In vivo research on mice, chickens and pigs have all shown that astragalus supports immune function. Human clinical trials also show that the polysaccharides, flavonoids, and saponins in astragalus support immune health by supporting the activation of toll-like receptor 4 (TLR4)-related mitogen-activated protein kinase (MAPK) activities.
According to a 2009 review and meta-analysis that featured 45 randomized clinical trials that all had an active control group, astragalus has immunomodulatory activity that has been shown to support T-cell function. A 2010 meta-analysis looked at 65 clinical trials featuring nearly 4,800 patients and concluded that astragalus was indeed effective at supporting immune health.
Everyone has heard of elderberry syrup for immune support, and many people use it. Modern science has validated elderberry’s immune support potential. The high biological activity of its phenolic compounds including quercetin, rutin, kaempferol and anthocyanins are still being studied to understand the mechanisms of action. But there are a few things that science has uncovered. We know that quercetin (contained in elderberry) is a zinc ionophore, meaning that it helps deliver zinc into the cells, and we know how important zinc is for immune function.
Scientists have been most fascinated by elderberries rich, deep color from anthocyanins. Elderberry anthocyanins incorporate into both cell membranes and cytosol and exert potent antioxidant effects. They counteract oxidative stress, increase the activity of antioxidant enzymes in blood and additionally, increase glutathione production. All these processes are necessary for optimal immune system function. Reducing oxidative DNA damage is another benefit of this high antioxidant activity.

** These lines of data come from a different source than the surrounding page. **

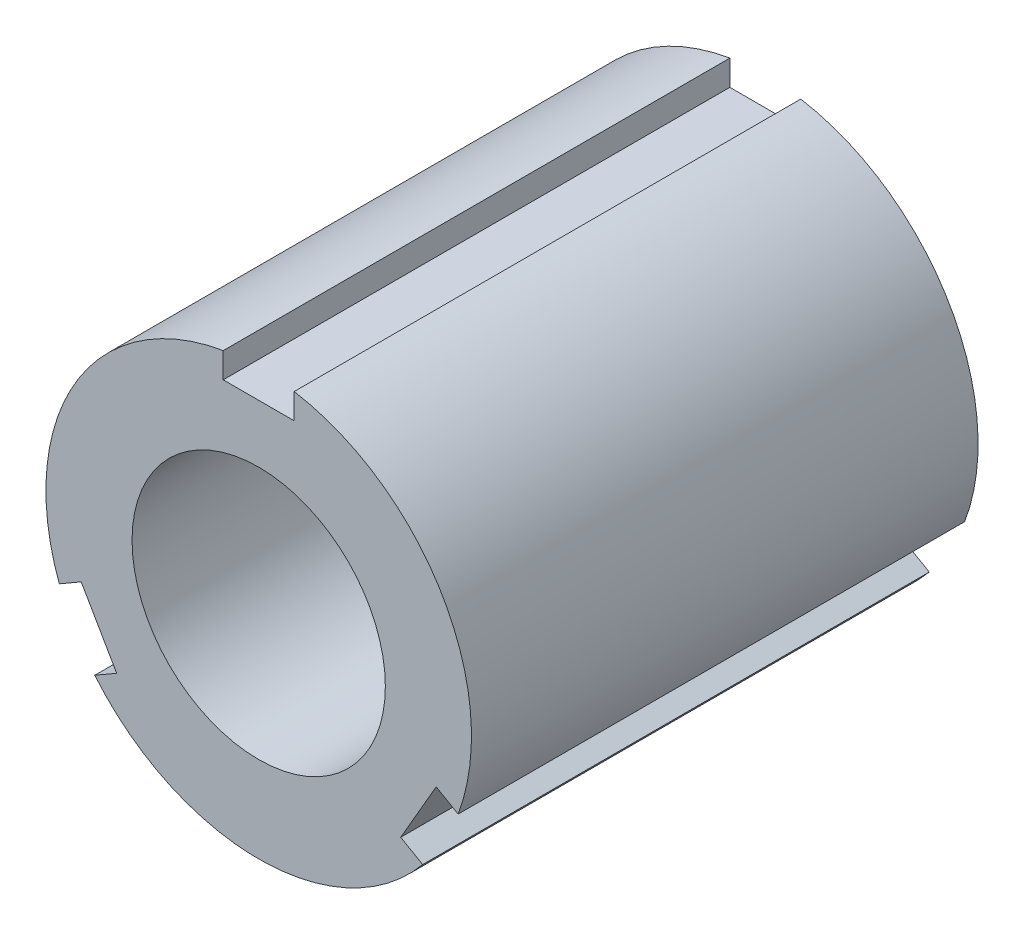
SolidWorks part; units mm, degrees
ref_plane "Спереди" through (0, 0, 0) normal (0, 0, 1) x (1, 0, 0)
ref_plane "Сверху" through (0, 0, 0) normal (0, 1, 0) x (1, 0, 0)
ref_plane "Справа" through (0, 0, 0) normal (1, 0, 0) x (0, 0, -1)
sketch "Эскиз1" plane through (0, 0, 0) normal (0, 0, 1) x (1, 0, 0)
  line L2 (-3.5, 20.7063) -> (-3.5, 18.2063)
  line L3 (-3.5, 18.2063) -> (3.5, 18.2063)
  line L4 (3.5, 20.7063) -> (3.5, 18.2063)
  line L6 (-3.5, 20.7063) -> (-3.5, 22.7063)
  line L7 (-3.5, 22.7063) -> (3.5, 22.7063)
  line L8 (3.5, 20.7063) -> (3.5, 22.7063)
  line L50 (19.6822, -7.3221) -> (17.5171, -6.0721)
  line L51 (17.5171, -6.0721) -> (14.0171, -12.1342)
  line L52 (16.1822, -13.3842) -> (14.0171, -12.1342)
  line L53 (19.6822, -7.3221) -> (21.4142, -8.3221)
  line L54 (21.4142, -8.3221) -> (17.9142, -14.3842)
  line L55 (16.1822, -13.3842) -> (17.9142, -14.3842)
  line L56 (-16.1822, -13.3842) -> (-14.0171, -12.1342)
  line L57 (-14.0171, -12.1342) -> (-17.5171, -6.0721)
  line L58 (-19.6822, -7.3221) -> (-17.5171, -6.0721)
  line L59 (-16.1822, -13.3842) -> (-17.9142, -14.3842)
  line L60 (-17.9142, -14.3842) -> (-21.4142, -8.3221)
  line L61 (-19.6822, -7.3221) -> (-21.4142, -8.3221)
  circle A0 centre (0, 0) radius 21
  circle A1 centre (0, 0) radius 12.5
  point P24 (0, 0)
  point P54 (0, 0)
  dimension "D1" = 42
  dimension "D2" = 25
  dimension "D3" = 7
  dimension "D4" = 2.5
  dimension "D5" = 2
  dimension "D6" = 3
extrude "Бобышка-Вытянуть1" add sketch "Эскиз1" along normal blind 50

Elderberries also specifically support the immune complement system. Studies have shown that elderberry extracts help activate immune complement, having complement-fixating activity.
In February of 2019, a meta-analysis of randomized controlled clinical trials investigating the action of black elderberry in 180 participants was published in Complementary Therapies in Medicine, Vol 42, and concluded that elderberry may substantially support immune status. While elderberry syrup is very popular, more potent forms are available in liquid extract or capsule form.
These nutrients and botanicals are all excellent daily additions to any health regimen. The more we understand how they work, the more we understand they not only offer immune system support and balance, but they also offer cellular support for the cardiovascular and circulatory systems, the GI system, the brain, the skin and much more.